Figure 3 depicts the critical bucking temperature versus L/h for a fully metallic beam made of aluminum for various types of boundary conditions subjected to the uniform temperature rise. It is apparent that, as the ratio L/h increases, the critical bucking temperature decreases. Also, the critical buckling temperature for the S–S and C–R types of boundary conditions are identical and lower than C–C and C–S beams, but larger than the value related to the S–R beams.

Fig. 3

Critical bucking temperature versus L/h for a pure isotropic beam with various boundary conditions

Figure 4 demonstrates the influence of the power law index k on the bucking temperature of a C–S FGM beam in the case of uniform temperature rise. By increasing the power law index k, the critical buckling temperature decreases for k < 2 and increases for 2 < k < 10 and then decreases for k > 10. It is noted that the buckling temperature of FGM beam decreases with the increase of the L/h ratio, as expected.

Fig. 4

Critical buckling temperature versus power law index k for a C–S FGM beam

Figure 5 shows the buckling temperature of a S–S FGM beam versus the ratio h/L with power law index k = 1. Also, it is assumed that the temperature difference between the metal-rich surface of the FGM and reference temperature is T _m  − T ₀ = 5°C (Javaheri and Eslami 2002b; Lanhe 2004). Three types of thermal loads are compared in this figure. It can be concluded that the critical buckling temperature for uniform temperature rise is lower than linear temperature variation through the thickness, where the latter case is also lower than the nonlinear temperature distribution through the thickness.

Fig. 5

A comparison between different types of thermal loading

Tables 2 and 3 show the results for an FGM beam for the linear and nonlinear cases of temperature distribution through the thickness, respectively. In these cases, boundary conditions are assumed to be C–R for beam. Results are listed for various values of k and L/h ratio. It is apparent that in both cases of thermal loading, the bucking temperature of the FGM beams decreases with the increase of L/h ratio. Also, the decrease of the critical bucking temperature decreases with the increase of this ratio.

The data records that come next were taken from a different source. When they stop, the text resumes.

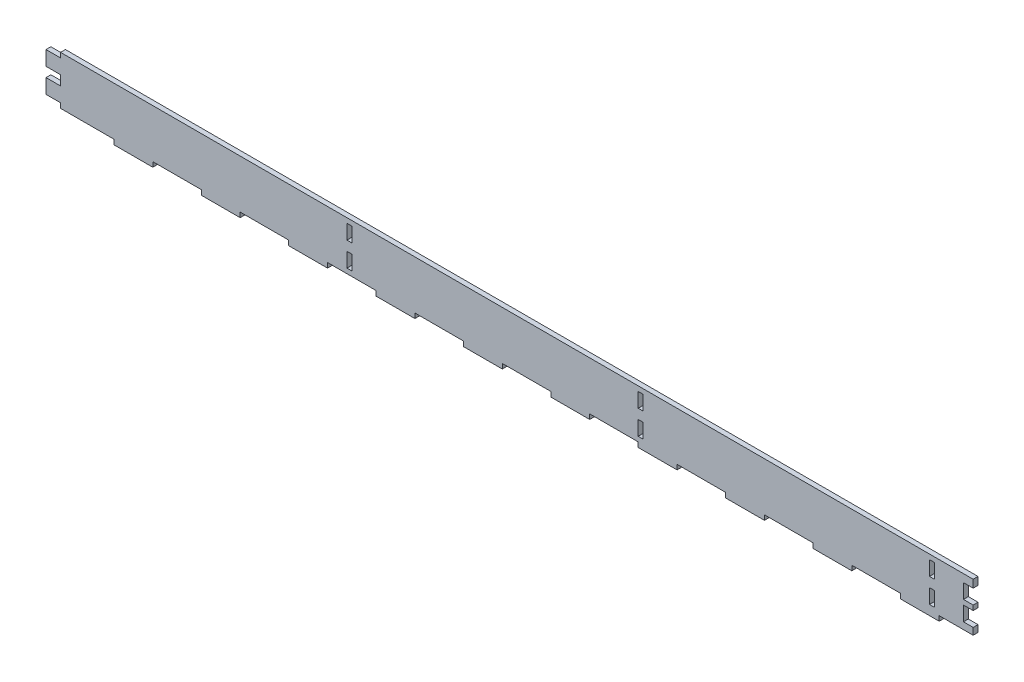
SolidWorks part; units mm, degrees
ref_plane "Front Plane" through (0, 0, 0) normal (0, 0, 1) x (1, 0, 0)
ref_plane "Top Plane" through (0, 0, 0) normal (0, 1, 0) x (1, 0, 0)
ref_plane "Right Plane" through (0, 0, 0) normal (1, 0, 0) x (0, 0, -1)
sketch "Model" plane through (0, 0, 0) normal (0, 0, 1) x (1, 0, 0)
  line L0 (-590, 20) -> (-590, 5)
  line L1 (-590, 5) -> (-585, 5)
  line L2 (-585, 5) -> (-585, 20)
  line L3 (-585, 20) -> (-590, 20)
  line L4 (610, 20) -> (610, 5)
  line L5 (610, 5) -> (615, 5)
  line L6 (615, 5) -> (615, 20)
  line L7 (615, 20) -> (610, 20)
  line L8 (-590, 45) -> (-590, 30)
  line L9 (-590, 30) -> (-585, 30)
  line L10 (-585, 30) -> (-585, 45)
  line L11 (-585, 45) -> (-590, 45)
  line L12 (610, 45) -> (610, 30)
  line L13 (610, 30) -> (615, 30)
  line L14 (615, 30) -> (615, 45)
  line L15 (615, 45) -> (610, 45)
  line L16 (310, 20) -> (310, 5)
  line L17 (310, 5) -> (315, 5)
  line L18 (315, 5) -> (315, 20)
  line L19 (315, 20) -> (310, 20)
  line L20 (310, 45) -> (310, 30)
  line L21 (310, 30) -> (315, 30)
  line L22 (315, 30) -> (315, 45)
  line L23 (315, 45) -> (310, 45)
  line L24 (10, 20) -> (10, 5)
  line L25 (10, 5) -> (15, 5)
  line L26 (15, 5) -> (15, 20)
  line L27 (15, 20) -> (10, 20)
  line L28 (10, 45) -> (10, 30)
  line L29 (10, 30) -> (15, 30)
  line L30 (15, 30) -> (15, 45)
  line L31 (15, 45) -> (10, 45)
  line L32 (-290, 20) -> (-290, 5)
  line L33 (-290, 5) -> (-285, 5)
  line L34 (-285, 5) -> (-285, 20)
  line L35 (-290, 45) -> (-290, 30)
  line L36 (-290, 30) -> (-285, 30)
  line L37 (-285, 30) -> (-285, 45)
  line L38 (-285, 45) -> (-290, 45)
  line L39 (-285, 20) -> (-290, 20)
  line L40 (-885, 0) -> (-830, 0)
  line L41 (-830, 0) -> (-830, -5)
  line L42 (-830, -5) -> (-790, -5)
  line L43 (-790, -5) -> (-790, 0)
  line L44 (-790, 0) -> (-740, 0)
  line L45 (-740, 0) -> (-740, -5)
  line L46 (-740, -5) -> (-700, -5)
  line L47 (-700, -5) -> (-700, 0)
  line L48 (-700, 0) -> (-650, 0)
  line L49 (-650, 0) -> (-650, -5)
  line L50 (-650, -5) -> (-610, -5)
  line L51 (-610, -5) -> (-610, 0)
  line L52 (-610, 0) -> (-560, 0)
  line L53 (-560, 0) -> (-560, -5)
  line L54 (-560, -5) -> (-520, -5)
  line L55 (-520, -5) -> (-520, 0)
  line L56 (-520, 0) -> (-470, 0)
  line L57 (-470, 0) -> (-470, -5)
  line L58 (-470, -5) -> (-430, -5)
  line L59 (-430, -5) -> (-430, 0)
  line L60 (-430, 0) -> (-380, 0)
  line L61 (-380, 0) -> (-380, -5)
  line L62 (-380, -5) -> (-340, -5)
  line L63 (-340, -5) -> (-340, 0)
  line L64 (-340, 0) -> (-290, 0)
  line L65 (-290, 0) -> (-290, -5)
  line L66 (-290, -5) -> (-250, -5)
  line L67 (-250, -5) -> (-250, 0)
  line L68 (-250, 0) -> (-200, 0)
  line L69 (-200, 0) -> (-200, -5)
  line L70 (-200, -5) -> (-160, -5)
  line L71 (-160, -5) -> (-160, 0)
  line L72 (-160, 0) -> (-110, 0)
  line L73 (-110, 0) -> (-110, -5)
  line L74 (-110, -5) -> (-70, -5)
  line L75 (-70, -5) -> (-70, 0)
  line L76 (-70, 0) -> (-20, 0)
  line L77 (-20, 0) -> (-20, -5)
  line L78 (-20, -5) -> (20, -5)
  line L79 (20, -5) -> (20, 0)
  line L80 (20, 0) -> (70, 0)
  line L81 (70, 0) -> (70, -5)
  line L82 (70, -5) -> (110, -5)
  line L83 (110, -5) -> (110, 0)
  line L84 (110, 0) -> (160, 0)
  line L85 (160, 0) -> (160, -5)
  line L86 (160, -5) -> (200, -5)
  line L87 (200, -5) -> (200, 0)
  line L88 (200, 0) -> (250, 0)
  line L89 (250, 0) -> (250, -5)
  line L90 (250, -5) -> (290, -5)
  line L91 (290, -5) -> (290, 0)
  line L92 (290, 0) -> (340, 0)
  line L93 (340, 0) -> (340, -5)
  line L94 (340, -5) -> (380, -5)
  line L95 (380, -5) -> (380, 0)
  line L96 (380, 0) -> (430, 0)
  line L97 (430, 0) -> (430, -5)
  line L98 (430, -5) -> (470, -5)
  line L99 (470, -5) -> (470, 0)
  line L100 (470, 0) -> (520, 0)
  line L101 (520, 0) -> (520, -5)
  line L102 (520, -5) -> (560, -5)
  line L103 (560, -5) -> (560, 0)
  line L104 (560, 0) -> (610, 0)
  line L105 (610, 0) -> (610, -5)
  line L106 (610, -5) -> (650, -5)
  line L107 (650, -5) -> (650, 0)
  line L108 (650, 0) -> (700, 0)
  line L109 (700, 0) -> (700, -5)
  line L110 (700, -5) -> (740, -5)
  line L111 (740, -5) -> (740, 0)
  line L112 (740, 0) -> (790, 0)
  line L113 (790, 0) -> (790, -5)
  line L114 (790, -5) -> (830, -5)
  line L115 (830, -5) -> (830, 0)
  line L116 (830, 0) -> (885, 0)
  line L117 (885, 0) -> (885, 5)
  line L118 (885, 5) -> (900, 5)
  line L119 (900, 5) -> (900, 20)
  line L120 (900, 20) -> (885, 20)
  line L121 (885, 20) -> (885, 30)
  line L122 (885, 30) -> (900, 30)
  line L123 (900, 30) -> (900, 45)
  line L124 (900, 45) -> (885, 45)
  line L125 (885, 45) -> (885, 50)
  line L126 (885, 50) -> (-885, 50)
  line L127 (-885, 50) -> (-885, 45)
  line L128 (-885, 45) -> (-900, 45)
  line L129 (-900, 45) -> (-900, 30)
  line L130 (-900, 30) -> (-885, 30)
  line L131 (-885, 30) -> (-885, 20)
  line L132 (-885, 20) -> (-900, 20)
  line L133 (-900, 20) -> (-900, 5)
  line L134 (-900, 5) -> (-885, 5)
  line L135 (-885, 5) -> (-885, 0)
extrude "Boss-Extrude1" add sketch "Model" along normal blind 5
sketch "Sketch1" plane through (0, 0, 5) normal (0, 0, 1) x (1, 0, 0)
  line L0 (55, 50) -> (55, 42)
  line L1 (885, 50) -> (-885, 50) construction
  line L2 (55, 42) -> (45, 42)
  line L3 (45, 42) -> (45, 27)
  line L4 (45, 27) -> (55, 27)
  line L5 (55, 27) -> (55, 22)
  line L6 (55, 22) -> (45, 22)
  line L7 (45, 22) -> (45, 7)
  line L8 (45, 7) -> (55, 7)
  line L9 (55, 7) -> (55, 0)
  line L10 (20, 0) -> (70, 0) construction
  line L11 (55, 50) -> (1126.3018, 127.7544)
  line L12 (1126.3018, 127.7544) -> (770.7619, -361.9579)
  line L13 (770.7619, -361.9579) -> (55, 0)
  point P12 (770.7619, -361.9579)
  dimension "D1" = 5
  dimension "D2" = 10
  dimension "D3" = 10
  dimension "D4" = 10
  dimension "D5" = 10
  dimension "D6" = 8
  dimension "D7" = 15
  dimension "D8" = 15
  dimension "D9" = 35
extrude "Cut-Extrude1" cut sketch "Sketch1" against normal through all

For nonlinear temperature distribution across the thickness, the buckling temperature decreases with the increase of the power law index k.

Table 2 Critical bucking temperature for a C–R FGM beam in the case of linear temperature distribution through the thickness

Table 3 Critical bucking temperature for a C–R FGM beam in the case of non-linear temperature distribution through the thickness

6 Conclusion

In the present article, the equilibrium and stability equations for the FGM beams with various types of boundary conditions are obtained. The derivation is based on the Euler–Bernoulli beam theory, with the assumption of power law composition for the constituent material. The buckling analysis under three types of thermal loading is presented. Closed form solutions are derived for the thermal buckling. It is concluded that:

1. (1)

   In each case of thermal loading and boundary conditions, the critical bucking temperature for the FGM beams is lower than fully ceramic beam but greater than fully metallic beam.

2. (2)

   The critical temperature of isotropic homogeneous beam is independent of elasticity modulus, but for an FGM beam the elasticity modulus of the constituent materials have significant effect on the critical buckling temperature.

3. (3)

   The critical bucking temperatures for the C–R and S–S boundary conditions are identical in each case of thermal loading.

4. (4)

   Based to the Euler–Bernoulli beam theory, the critical bucking temperature is proportional to the square of h/L ratio for both FGM and pure isotropic beams.

5. (5)

   For functionally graded beams under uniform temperature rise, by increasing the power law index k, the critical buckling temperature decreases for k < 2 and increases for 2 < k < 10 and then decreases for k > 10.